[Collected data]

※

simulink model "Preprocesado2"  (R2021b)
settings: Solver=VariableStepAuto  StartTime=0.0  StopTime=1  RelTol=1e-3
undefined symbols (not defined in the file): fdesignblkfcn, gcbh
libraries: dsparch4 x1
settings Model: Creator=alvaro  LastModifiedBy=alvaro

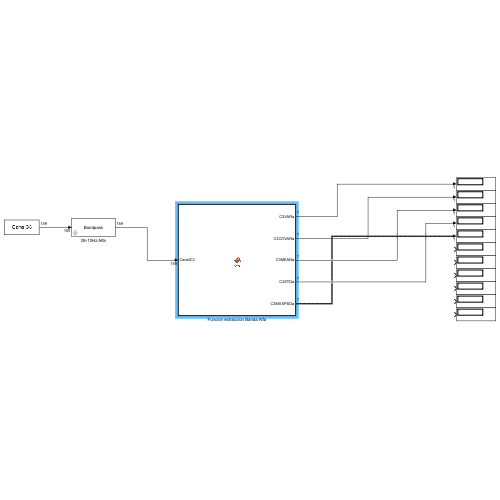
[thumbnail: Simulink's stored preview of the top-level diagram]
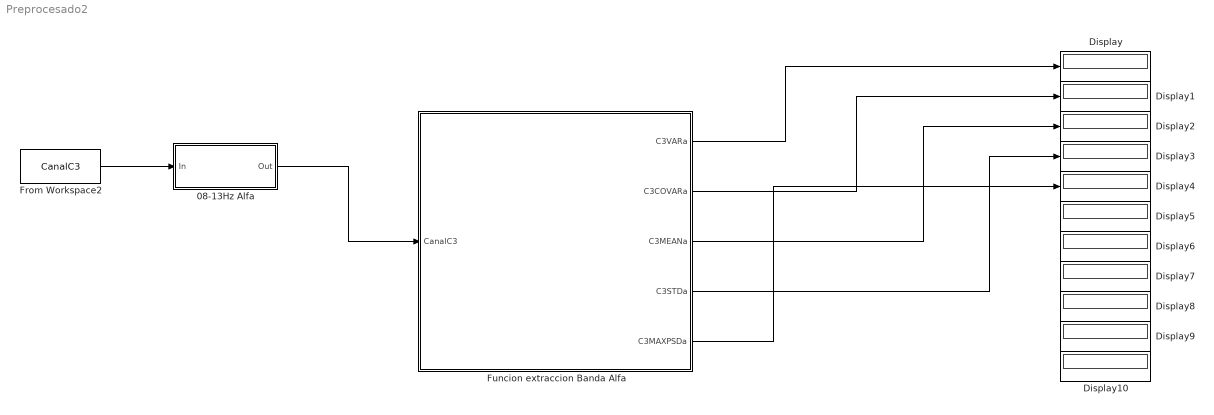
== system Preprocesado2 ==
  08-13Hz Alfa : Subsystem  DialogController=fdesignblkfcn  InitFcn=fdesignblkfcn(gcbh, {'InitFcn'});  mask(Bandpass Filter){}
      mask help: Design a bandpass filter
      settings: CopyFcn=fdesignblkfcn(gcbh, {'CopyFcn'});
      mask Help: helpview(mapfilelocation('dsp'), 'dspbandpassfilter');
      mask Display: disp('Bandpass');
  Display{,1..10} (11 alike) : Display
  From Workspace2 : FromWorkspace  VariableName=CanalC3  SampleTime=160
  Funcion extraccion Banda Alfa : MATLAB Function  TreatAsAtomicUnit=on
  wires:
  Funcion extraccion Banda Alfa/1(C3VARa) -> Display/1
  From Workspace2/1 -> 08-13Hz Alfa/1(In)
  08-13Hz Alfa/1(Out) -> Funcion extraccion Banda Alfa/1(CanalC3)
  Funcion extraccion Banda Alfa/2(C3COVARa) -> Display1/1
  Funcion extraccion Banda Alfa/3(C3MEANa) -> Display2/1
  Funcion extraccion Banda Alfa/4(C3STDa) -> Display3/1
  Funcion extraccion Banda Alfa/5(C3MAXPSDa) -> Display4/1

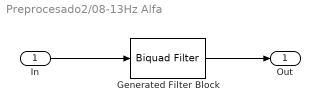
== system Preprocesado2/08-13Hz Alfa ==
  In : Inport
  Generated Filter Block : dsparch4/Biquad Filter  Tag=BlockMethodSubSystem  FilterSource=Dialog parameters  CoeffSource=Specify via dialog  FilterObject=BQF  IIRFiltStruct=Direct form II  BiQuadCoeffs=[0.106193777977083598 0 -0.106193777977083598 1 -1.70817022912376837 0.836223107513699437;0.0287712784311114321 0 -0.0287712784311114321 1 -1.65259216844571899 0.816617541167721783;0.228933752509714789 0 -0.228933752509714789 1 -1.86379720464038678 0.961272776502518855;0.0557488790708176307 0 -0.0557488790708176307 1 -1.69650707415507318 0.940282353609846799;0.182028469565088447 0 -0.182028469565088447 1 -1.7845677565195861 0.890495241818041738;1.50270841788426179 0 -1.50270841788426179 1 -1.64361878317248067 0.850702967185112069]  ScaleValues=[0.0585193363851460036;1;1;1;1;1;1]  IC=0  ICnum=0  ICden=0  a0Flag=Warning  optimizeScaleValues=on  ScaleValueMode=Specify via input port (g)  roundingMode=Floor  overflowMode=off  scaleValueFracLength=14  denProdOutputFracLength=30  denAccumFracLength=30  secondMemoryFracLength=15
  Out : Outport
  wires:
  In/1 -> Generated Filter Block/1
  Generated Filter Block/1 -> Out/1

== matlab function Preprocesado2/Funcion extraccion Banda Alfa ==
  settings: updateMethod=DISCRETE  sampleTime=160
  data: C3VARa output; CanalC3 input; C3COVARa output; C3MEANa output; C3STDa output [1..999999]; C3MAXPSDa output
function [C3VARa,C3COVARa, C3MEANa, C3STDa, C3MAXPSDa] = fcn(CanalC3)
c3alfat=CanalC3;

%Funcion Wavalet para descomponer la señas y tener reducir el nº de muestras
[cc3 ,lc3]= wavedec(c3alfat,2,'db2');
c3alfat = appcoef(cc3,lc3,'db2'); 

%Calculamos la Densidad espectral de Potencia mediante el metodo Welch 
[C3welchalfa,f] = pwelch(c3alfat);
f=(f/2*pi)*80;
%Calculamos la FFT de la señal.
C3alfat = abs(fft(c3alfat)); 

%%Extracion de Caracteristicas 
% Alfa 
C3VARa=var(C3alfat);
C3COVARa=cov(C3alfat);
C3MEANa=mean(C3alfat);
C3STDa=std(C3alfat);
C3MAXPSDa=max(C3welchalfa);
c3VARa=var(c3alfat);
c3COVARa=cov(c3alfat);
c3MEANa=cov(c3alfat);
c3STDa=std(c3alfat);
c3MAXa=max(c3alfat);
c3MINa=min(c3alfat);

※

§ **EXERCISE OBJECTIVE**
Make an exact copy of the data, leaving its pictures out.

§ **SOLUTION TO THE PROBLEM**
simulink model "Preprocesado2"  (R2021b)
settings: Solver=VariableStepAuto  StartTime=0.0  StopTime=1  RelTol=1e-3
undefined symbols (not defined in the file): fdesignblkfcn, gcbh
libraries: dsparch4 x1
settings Model: Creator=alvaro  LastModifiedBy=alvaro

[thumbnail: Simulink's stored preview of the top-level diagram]
== system Preprocesado2 ==
  08-13Hz Alfa : Subsystem  DialogController=fdesignblkfcn  InitFcn=fdesignblkfcn(gcbh, {'InitFcn'});  mask(Bandpass Filter){}
      mask help: Design a bandpass filter
      settings: CopyFcn=fdesignblkfcn(gcbh, {'CopyFcn'});
      mask Help: helpview(mapfilelocation('dsp'), 'dspbandpassfilter');
      mask Display: disp('Bandpass');
  Display{,1..10} (11 alike) : Display
  From Workspace2 : FromWorkspace  VariableName=CanalC3  SampleTime=160
  Funcion extraccion Banda Alfa : MATLAB Function  TreatAsAtomicUnit=on
  wires:
  Funcion extraccion Banda Alfa/1(C3VARa) -> Display/1
  From Workspace2/1 -> 08-13Hz Alfa/1(In)
  08-13Hz Alfa/1(Out) -> Funcion extraccion Banda Alfa/1(CanalC3)
  Funcion extraccion Banda Alfa/2(C3COVARa) -> Display1/1
  Funcion extraccion Banda Alfa/3(C3MEANa) -> Display2/1
  Funcion extraccion Banda Alfa/4(C3STDa) -> Display3/1
  Funcion extraccion Banda Alfa/5(C3MAXPSDa) -> Display4/1

== system Preprocesado2/08-13Hz Alfa ==
  In : Inport
  Generated Filter Block : dsparch4/Biquad Filter  Tag=BlockMethodSubSystem  FilterSource=Dialog parameters  CoeffSource=Specify via dialog  FilterObject=BQF  IIRFiltStruct=Direct form II  BiQuadCoeffs=[0.106193777977083598 0 -0.106193777977083598 1 -1.70817022912376837 0.836223107513699437;0.0287712784311114321 0 -0.0287712784311114321 1 -1.65259216844571899 0.816617541167721783;0.228933752509714789 0 -0.228933752509714789 1 -1.86379720464038678 0.961272776502518855;0.0557488790708176307 0 -0.0557488790708176307 1 -1.69650707415507318 0.940282353609846799;0.182028469565088447 0 -0.182028469565088447 1 -1.7845677565195861 0.890495241818041738;1.50270841788426179 0 -1.50270841788426179 1 -1.64361878317248067 0.850702967185112069]  ScaleValues=[0.0585193363851460036;1;1;1;1;1;1]  IC=0  ICnum=0  ICden=0  a0Flag=Warning  optimizeScaleValues=on  ScaleValueMode=Specify via input port (g)  roundingMode=Floor  overflowMode=off  scaleValueFracLength=14  denProdOutputFracLength=30  denAccumFracLength=30  secondMemoryFracLength=15
  Out : Outport
  wires:
  In/1 -> Generated Filter Block/1
  Generated Filter Block/1 -> Out/1

== matlab function Preprocesado2/Funcion extraccion Banda Alfa ==
  settings: updateMethod=DISCRETE  sampleTime=160
  data: C3VARa output; CanalC3 input; C3COVARa output; C3MEANa output; C3STDa output [1..999999]; C3MAXPSDa output
function [C3VARa,C3COVARa, C3MEANa, C3STDa, C3MAXPSDa] = fcn(CanalC3)
c3alfat=CanalC3;

%Funcion Wavalet para descomponer la señas y tener reducir el nº de muestras
[cc3 ,lc3]= wavedec(c3alfat,2,'db2');
c3alfat = appcoef(cc3,lc3,'db2'); 

%Calculamos la Densidad espectral de Potencia mediante el metodo Welch 
[C3welchalfa,f] = pwelch(c3alfat);
f=(f/2*pi)*80;
%Calculamos la FFT de la señal.
C3alfat = abs(fft(c3alfat)); 

%%Extracion de Caracteristicas 
% Alfa 
C3VARa=var(C3alfat);
C3COVARa=cov(C3alfat);
C3MEANa=mean(C3alfat);
C3STDa=std(C3alfat);
C3MAXPSDa=max(C3welchalfa);
c3VARa=var(c3alfat);
c3COVARa=cov(c3alfat);
c3MEANa=cov(c3alfat);
c3STDa=std(c3alfat);
c3MAXa=max(c3alfat);
c3MINa=min(c3alfat);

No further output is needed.